For chefs like Charles Ramseyer of Ray's Boathouse, these relationships and these issues are crucial because his restaurant specializes in seafood, and plenty of it. Although he has to deal with the big distributors in order to keep his stock up, he also buys as much as he can from independent boats because in the best-case scenario, the seared scallops in front of you have only been handled by someone in fishermen gloves and someone in chef's baggies.

But all too often, fish go from there to here only to be shipped back over there so it can be cut and frozen by these guys and packed and labeled by some other guys. As Ramseyer illustrated by way of a story about how he no longer drives to Sea-Tac to pick up fish flown from Alaska, time is money, and it's getting harder and harder for fishermen to operate on a DIY model. Because airlines are increasingly apt to favor the cargo customer who has the most cargo, he who spends the most gets on board first—and the little guys often get edged out. Ramseyer doesn't drive to the airport anymore because there aren't many single-boat fishermen overnighting their catch to individual chefs these days. It's the same big, bad business story you've heard applied to other facets of life. In fish markets, as in dating, as in just about everything else, nice guys don't always finish first.

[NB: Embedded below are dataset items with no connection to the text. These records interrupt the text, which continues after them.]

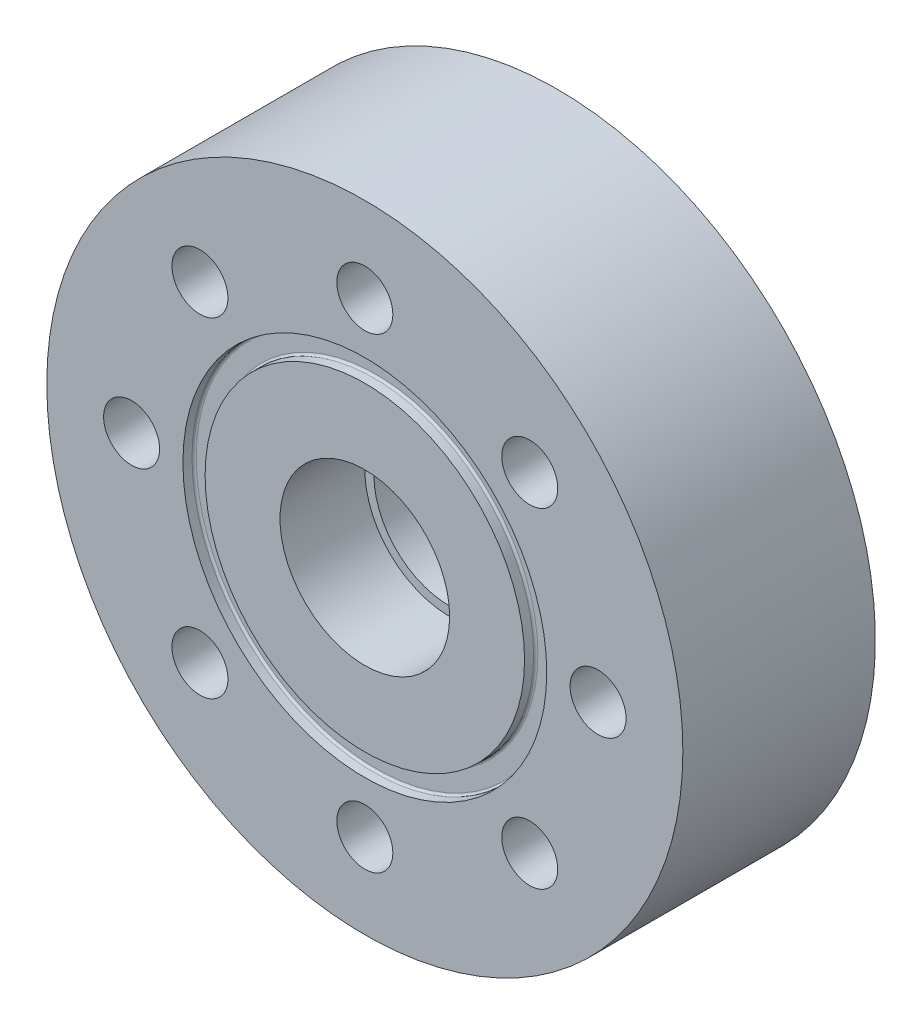
ISO-10303-21;
HEADER;
FILE_DESCRIPTION(('STEP AP214'),'2;1');
FILE_NAME('part.step','',(''),(''),'','','');
FILE_SCHEMA(('AUTOMOTIVE_DESIGN { 1 0 10303 214 1 1 1 1 }'));
ENDSEC;
DATA;
#1=APPLICATION_CONTEXT('core data for automotive mechanical design processes');
#2=APPLICATION_PROTOCOL_DEFINITION('international standard','automotive_design',2000,#1);
#3=PRODUCT_CONTEXT('',#1,'mechanical');
#4=PRODUCT('Part','Part','',(#3));
#5=PRODUCT_RELATED_PRODUCT_CATEGORY('part','',(#4));
#6=PRODUCT_DEFINITION_FORMATION('','',#4);
#7=PRODUCT_DEFINITION_CONTEXT('part definition',#1,'design');
#8=PRODUCT_DEFINITION('design','',#6,#7);
#9=PRODUCT_DEFINITION_SHAPE('','',#8);
#10=(LENGTH_UNIT() NAMED_UNIT(*) SI_UNIT(.MILLI.,.METRE.));
#11=(NAMED_UNIT(*) PLANE_ANGLE_UNIT() SI_UNIT($,.RADIAN.));
#12=(NAMED_UNIT(*) SI_UNIT($,.STERADIAN.) SOLID_ANGLE_UNIT());
#13=UNCERTAINTY_MEASURE_WITH_UNIT(LENGTH_MEASURE(1.E-05),#10,'distance_accuracy_value','');
#14=(GEOMETRIC_REPRESENTATION_CONTEXT(3) GLOBAL_UNCERTAINTY_ASSIGNED_CONTEXT((#13)) GLOBAL_UNIT_ASSIGNED_CONTEXT((#10,
#11,#12)) REPRESENTATION_CONTEXT('',''));
#15=CARTESIAN_POINT('',(0.,0.,0.));
#16=DIRECTION('',(0.,0.,1.));
#17=DIRECTION('',(1.,0.,0.));
#18=AXIS2_PLACEMENT_3D('',#15,#16,#17);
#19=CARTESIAN_POINT('',(0.,0.,10.));
#20=DIRECTION('',(0.,0.,1.));
#21=DIRECTION('',(1.,0.,0.));
#22=AXIS2_PLACEMENT_3D('',#19,#20,#21);
#23=PLANE('',#22);
#24=CARTESIAN_POINT('',(0.,0.,10.));
#25=DIRECTION('',(0.,0.,1.));
#26=DIRECTION('',(1.,0.,0.));
#27=AXIS2_PLACEMENT_3D('',#24,#25,#26);
#28=CIRCLE('',#27,10.);
#29=CARTESIAN_POINT('',(10.,0.,10.));
#30=VERTEX_POINT('',#29);
#31=EDGE_CURVE('E66',#30,#30,#28,.T.);
#32=ORIENTED_EDGE('',*,*,#31,.F.);
#33=EDGE_LOOP('',(#32));
#34=FACE_BOUND('',#33,.T.);
#35=CARTESIAN_POINT('',(0.,0.,10.));
#36=DIRECTION('',(0.,0.,1.));
#37=DIRECTION('',(1.,0.,0.));
#38=AXIS2_PLACEMENT_3D('',#35,#36,#37);
#39=CIRCLE('',#38,18.8338);
#40=CARTESIAN_POINT('',(18.8338,0.,10.));
#41=VERTEX_POINT('',#40);
#42=EDGE_CURVE('E132',#41,#41,#39,.T.);
#43=ORIENTED_EDGE('',*,*,#42,.T.);
#44=EDGE_LOOP('',(#43));
#45=FACE_BOUND('',#44,.T.);
#46=ADVANCED_FACE('F43',(#34,#45),#23,.T.);
#47=CARTESIAN_POINT('',(0.,0.,10.));
#48=DIRECTION('',(0.,0.,1.));
#49=DIRECTION('',(1.,0.,0.));
#50=AXIS2_PLACEMENT_3D('',#47,#48,#49);
#51=CIRCLE('',#50,21.45);
#52=CARTESIAN_POINT('',(21.45,0.,10.));
#53=VERTEX_POINT('',#52);
#54=EDGE_CURVE('E127',#53,#53,#51,.T.);
#55=ORIENTED_EDGE('',*,*,#54,.F.);
#56=EDGE_LOOP('',(#55));
#57=FACE_BOUND('',#56,.T.);
#58=CARTESIAN_POINT('',(-27.4999999999994,-5.69811916257121E-13,10.));
#59=DIRECTION('',(0.,0.,1.));
#60=DIRECTION('',(1.,0.,0.));
#61=AXIS2_PLACEMENT_3D('',#58,#59,#60);
#62=CIRCLE('',#61,3.302);
#63=CARTESIAN_POINT('',(-24.1979999999994,-5.69811916257121E-13,10.));
#64=VERTEX_POINT('',#63);
#65=EDGE_CURVE('E79',#64,#64,#62,.T.);
#66=ORIENTED_EDGE('',*,*,#65,.F.);
#67=EDGE_LOOP('',(#66));
#68=FACE_BOUND('',#67,.T.);
#69=CARTESIAN_POINT('',(-19.4454364826291,-19.4454364826305,10.));
#70=DIRECTION('',(0.,0.,1.));
#71=DIRECTION('',(1.,0.,0.));
#72=AXIS2_PLACEMENT_3D('',#69,#70,#71);
#73=CIRCLE('',#72,3.302);
#74=CARTESIAN_POINT('',(-16.1434364826291,-19.4454364826305,10.));
#75=VERTEX_POINT('',#74);
#76=EDGE_CURVE('E98',#75,#75,#73,.T.);
#77=ORIENTED_EDGE('',*,*,#76,.F.);
#78=EDGE_LOOP('',(#77));
#79=FACE_BOUND('',#78,.T.);
#80=CARTESIAN_POINT('',(0.,27.5,10.));
#81=DIRECTION('',(0.,0.,1.));
#82=DIRECTION('',(1.,0.,0.));
#83=AXIS2_PLACEMENT_3D('',#80,#81,#82);
#84=CIRCLE('',#83,3.302);
#85=CARTESIAN_POINT('',(3.302,27.5,10.));
#86=VERTEX_POINT('',#85);
#87=EDGE_CURVE('E92',#86,#86,#84,.T.);
#88=ORIENTED_EDGE('',*,*,#87,.F.);
#89=EDGE_LOOP('',(#88));
#90=FACE_BOUND('',#89,.T.);
#91=CARTESIAN_POINT('',(19.4454364826302,19.4454364826305,10.));
#92=DIRECTION('',(0.,0.,1.));
#93=DIRECTION('',(1.,0.,0.));
#94=AXIS2_PLACEMENT_3D('',#91,#92,#93);
#95=CIRCLE('',#94,3.302);
#96=CARTESIAN_POINT('',(22.7474364826302,19.4454364826305,10.));
#97=VERTEX_POINT('',#96);
#98=EDGE_CURVE('E85',#97,#97,#95,.T.);
#99=ORIENTED_EDGE('',*,*,#98,.F.);
#100=EDGE_LOOP('',(#99));
#101=FACE_BOUND('',#100,.T.);
#102=CARTESIAN_POINT('',(27.5000000000006,5.66444137559466E-13,10.));
#103=DIRECTION('',(0.,0.,1.));
#104=DIRECTION('',(1.,0.,0.));
#105=AXIS2_PLACEMENT_3D('',#102,#103,#104);
#106=CIRCLE('',#105,3.302);
#107=CARTESIAN_POINT('',(30.8020000000006,5.66444137559466E-13,10.));
#108=VERTEX_POINT('',#107);
#109=EDGE_CURVE('E86',#108,#108,#106,.T.);
#110=ORIENTED_EDGE('',*,*,#109,.F.);
#111=EDGE_LOOP('',(#110));
#112=FACE_BOUND('',#111,.T.);
#113=CARTESIAN_POINT('',(19.445436482631,-19.4454364826297,10.));
#114=DIRECTION('',(0.,0.,1.));
#115=DIRECTION('',(1.,0.,0.));
#116=AXIS2_PLACEMENT_3D('',#113,#114,#115);
#117=CIRCLE('',#116,3.302);
#118=CARTESIAN_POINT('',(22.747436482631,-19.4454364826297,10.));
#119=VERTEX_POINT('',#118);
#120=EDGE_CURVE('E116',#119,#119,#117,.T.);
#121=ORIENTED_EDGE('',*,*,#120,.F.);
#122=EDGE_LOOP('',(#121));
#123=FACE_BOUND('',#122,.T.);
#124=CARTESIAN_POINT('',(1.13288827511893E-12,-27.5,10.));
#125=DIRECTION('',(0.,0.,1.));
#126=DIRECTION('',(1.,0.,0.));
#127=AXIS2_PLACEMENT_3D('',#124,#125,#126);
#128=CIRCLE('',#127,3.302);
#129=CARTESIAN_POINT('',(3.30200000000113,-27.5,10.));
#130=VERTEX_POINT('',#129);
#131=EDGE_CURVE('E109',#130,#130,#128,.T.);
#132=ORIENTED_EDGE('',*,*,#131,.F.);
#133=EDGE_LOOP('',(#132));
#134=FACE_BOUND('',#133,.T.);
#135=CARTESIAN_POINT('',(-19.4454364826299,19.4454364826297,10.));
#136=DIRECTION('',(0.,0.,1.));
#137=DIRECTION('',(1.,0.,0.));
#138=AXIS2_PLACEMENT_3D('',#135,#136,#137);
#139=CIRCLE('',#138,3.302);
#140=CARTESIAN_POINT('',(-16.1434364826299,19.4454364826297,10.));
#141=VERTEX_POINT('',#140);
#142=EDGE_CURVE('E76',#141,#141,#139,.T.);
#143=ORIENTED_EDGE('',*,*,#142,.F.);
#144=EDGE_LOOP('',(#143));
#145=FACE_BOUND('',#144,.T.);
#146=CARTESIAN_POINT('',(0.,0.,10.));
#147=DIRECTION('',(0.,0.,1.));
#148=DIRECTION('',(1.,0.,0.));
#149=AXIS2_PLACEMENT_3D('',#146,#147,#148);
#150=CIRCLE('',#149,37.5);
#151=CARTESIAN_POINT('',(37.5,0.,10.));
#152=VERTEX_POINT('',#151);
#153=EDGE_CURVE('E63',#152,#152,#150,.T.);
#154=ORIENTED_EDGE('',*,*,#153,.T.);
#155=EDGE_LOOP('',(#154));
#156=FACE_BOUND('',#155,.T.);
#157=ADVANCED_FACE('F151',(#57,#68,#79,#90,#101,#112,#123,#134,#145,#156),#23,.T.);
#158=CARTESIAN_POINT('',(0.,0.,10.));
#159=DIRECTION('',(0.,0.,-1.));
#160=DIRECTION('',(-1.,0.,0.));
#161=AXIS2_PLACEMENT_3D('',#158,#159,#160);
#162=CYLINDRICAL_SURFACE('',#161,37.5);
#163=ORIENTED_EDGE('',*,*,#153,.F.);
#164=EDGE_LOOP('',(#163));
#165=FACE_BOUND('',#164,.T.);
#166=CARTESIAN_POINT('',(0.,0.,-12.7));
#167=DIRECTION('',(0.,0.,-1.));
#168=DIRECTION('',(-1.,0.,0.));
#169=AXIS2_PLACEMENT_3D('',#166,#167,#168);
#170=CIRCLE('',#169,37.5);
#171=CARTESIAN_POINT('',(-37.5,0.,-12.7));
#172=VERTEX_POINT('',#171);
#173=EDGE_CURVE('E70',#172,#172,#170,.T.);
#174=ORIENTED_EDGE('',*,*,#173,.F.);
#175=EDGE_LOOP('',(#174));
#176=FACE_BOUND('',#175,.T.);
#177=ADVANCED_FACE('F157',(#165,#176),#162,.T.);
#178=CARTESIAN_POINT('',(0.,0.,10.));
#179=DIRECTION('',(0.,0.,-1.));
#180=DIRECTION('',(-1.,0.,0.));
#181=AXIS2_PLACEMENT_3D('',#178,#179,#180);
#182=CYLINDRICAL_SURFACE('',#181,10.);
#183=ORIENTED_EDGE('',*,*,#31,.T.);
#184=EDGE_LOOP('',(#183));
#185=FACE_BOUND('',#184,.T.);
#186=CARTESIAN_POINT('',(0.,0.,0.));
#187=DIRECTION('',(0.,0.,1.));
#188=DIRECTION('',(1.,0.,0.));
#189=AXIS2_PLACEMENT_3D('',#186,#187,#188);
#190=CIRCLE('',#189,10.);
#191=CARTESIAN_POINT('',(10.,0.,0.));
#192=VERTEX_POINT('',#191);
#193=EDGE_CURVE('E67',#192,#192,#190,.T.);
#194=ORIENTED_EDGE('',*,*,#193,.F.);
#195=EDGE_LOOP('',(#194));
#196=FACE_BOUND('',#195,.T.);
#197=ADVANCED_FACE('F162',(#185,#196),#182,.F.);
#198=CARTESIAN_POINT('',(0.,0.,0.));
#199=DIRECTION('',(0.,0.,-1.));
#200=DIRECTION('',(-1.,0.,0.));
#201=AXIS2_PLACEMENT_3D('',#198,#199,#200);
#202=PLANE('',#201);
#203=CARTESIAN_POINT('',(0.,0.,0.));
#204=DIRECTION('',(0.,0.,-1.));
#205=DIRECTION('',(-1.,0.,0.));
#206=AXIS2_PLACEMENT_3D('',#203,#204,#205);
#207=CIRCLE('',#206,8.9296875);
#208=CARTESIAN_POINT('',(-8.9296875,0.,0.));
#209=VERTEX_POINT('',#208);
#210=EDGE_CURVE('E110',#209,#209,#207,.T.);
#211=ORIENTED_EDGE('',*,*,#210,.T.);
#212=EDGE_LOOP('',(#211));
#213=FACE_BOUND('',#212,.T.);
#214=ORIENTED_EDGE('',*,*,#193,.T.);
#215=EDGE_LOOP('',(#214));
#216=FACE_BOUND('',#215,.T.);
#217=ADVANCED_FACE('F169',(#213,#216),#202,.F.);
#218=CARTESIAN_POINT('',(0.,0.,-12.7));
#219=DIRECTION('',(0.,0.,-1.));
#220=DIRECTION('',(-1.,0.,0.));
#221=AXIS2_PLACEMENT_3D('',#218,#219,#220);
#222=PLANE('',#221);
#223=CARTESIAN_POINT('',(0.,0.,-12.7));
#224=DIRECTION('',(0.,0.,-1.));
#225=DIRECTION('',(-1.,0.,0.));
#226=AXIS2_PLACEMENT_3D('',#223,#224,#225);
#227=CIRCLE('',#226,8.9296875);
#228=CARTESIAN_POINT('',(-8.9296875,0.,-12.7));
#229=VERTEX_POINT('',#228);
#230=EDGE_CURVE('E124',#229,#229,#227,.T.);
#231=ORIENTED_EDGE('',*,*,#230,.F.);
#232=EDGE_LOOP('',(#231));
#233=FACE_BOUND('',#232,.T.);
#234=CARTESIAN_POINT('',(-27.4999999999994,-5.69811916257121E-13,-12.7));
#235=DIRECTION('',(0.,0.,1.));
#236=DIRECTION('',(1.,0.,0.));
#237=AXIS2_PLACEMENT_3D('',#234,#235,#236);
#238=CIRCLE('',#237,3.302);
#239=CARTESIAN_POINT('',(-24.1979999999994,-5.69811916257121E-13,-12.7));
#240=VERTEX_POINT('',#239);
#241=EDGE_CURVE('E101',#240,#240,#238,.T.);
#242=ORIENTED_EDGE('',*,*,#241,.T.);
#243=EDGE_LOOP('',(#242));
#244=FACE_BOUND('',#243,.T.);
#245=CARTESIAN_POINT('',(-19.4454364826291,-19.4454364826305,-12.7));
#246=DIRECTION('',(0.,0.,1.));
#247=DIRECTION('',(1.,0.,0.));
#248=AXIS2_PLACEMENT_3D('',#245,#246,#247);
#249=CIRCLE('',#248,3.302);
#250=CARTESIAN_POINT('',(-16.1434364826291,-19.4454364826305,-12.7));
#251=VERTEX_POINT('',#250);
#252=EDGE_CURVE('E95',#251,#251,#249,.T.);
#253=ORIENTED_EDGE('',*,*,#252,.T.);
#254=EDGE_LOOP('',(#253));
#255=FACE_BOUND('',#254,.T.);
#256=CARTESIAN_POINT('',(0.,27.5,-12.7));
#257=DIRECTION('',(0.,0.,1.));
#258=DIRECTION('',(1.,0.,0.));
#259=AXIS2_PLACEMENT_3D('',#256,#257,#258);
#260=CIRCLE('',#259,3.302);
#261=CARTESIAN_POINT('',(3.302,27.5,-12.7));
#262=VERTEX_POINT('',#261);
#263=EDGE_CURVE('E89',#262,#262,#260,.T.);
#264=ORIENTED_EDGE('',*,*,#263,.T.);
#265=EDGE_LOOP('',(#264));
#266=FACE_BOUND('',#265,.T.);
#267=CARTESIAN_POINT('',(19.4454364826302,19.4454364826305,-12.7));
#268=DIRECTION('',(0.,0.,1.));
#269=DIRECTION('',(1.,0.,0.));
#270=AXIS2_PLACEMENT_3D('',#267,#268,#269);
#271=CIRCLE('',#270,3.302);
#272=CARTESIAN_POINT('',(22.7474364826302,19.4454364826305,-12.7));
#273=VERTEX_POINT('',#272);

WILL THERE BE a rash of second dates? Absolutely. (To make things easier, the event organizers are even publishing a little black book of sorts.) For Bill Whitbeck of Taylor Shellfish, those dates will be more of the same: More direct deliveries to restaurants like Chiso (where chef Tai Chi Kitamura is experimenting with their geoduck), and more truly direct marketing to consumers at neighborhood farmers markets. Relationships like the one between fisherman Joe Malley and chef Jonathon Sundstrom will continue to evolve—Malley's tuna and his troller get top billing at Lark; the menu frequently offers "St. Jude's albacore." And I suspect the phone will ring off the hook for fishermen like Bruce Gore, who pioneered an increasingly popular method for independent boats to freeze their catch at sea, thereby allowing them independence from corporate processors and extending your seafood-eating season by supplying restaurants (like Ramseyer's) with quality catch that keeps well.

So the next time you take someone out to dinner, you might consider asking your server about the restaurant's mating habits. When you support local and regional fishermen and the effort to shorten "food miles," you're not just eating well and supporting your own economy, you're spreading the love.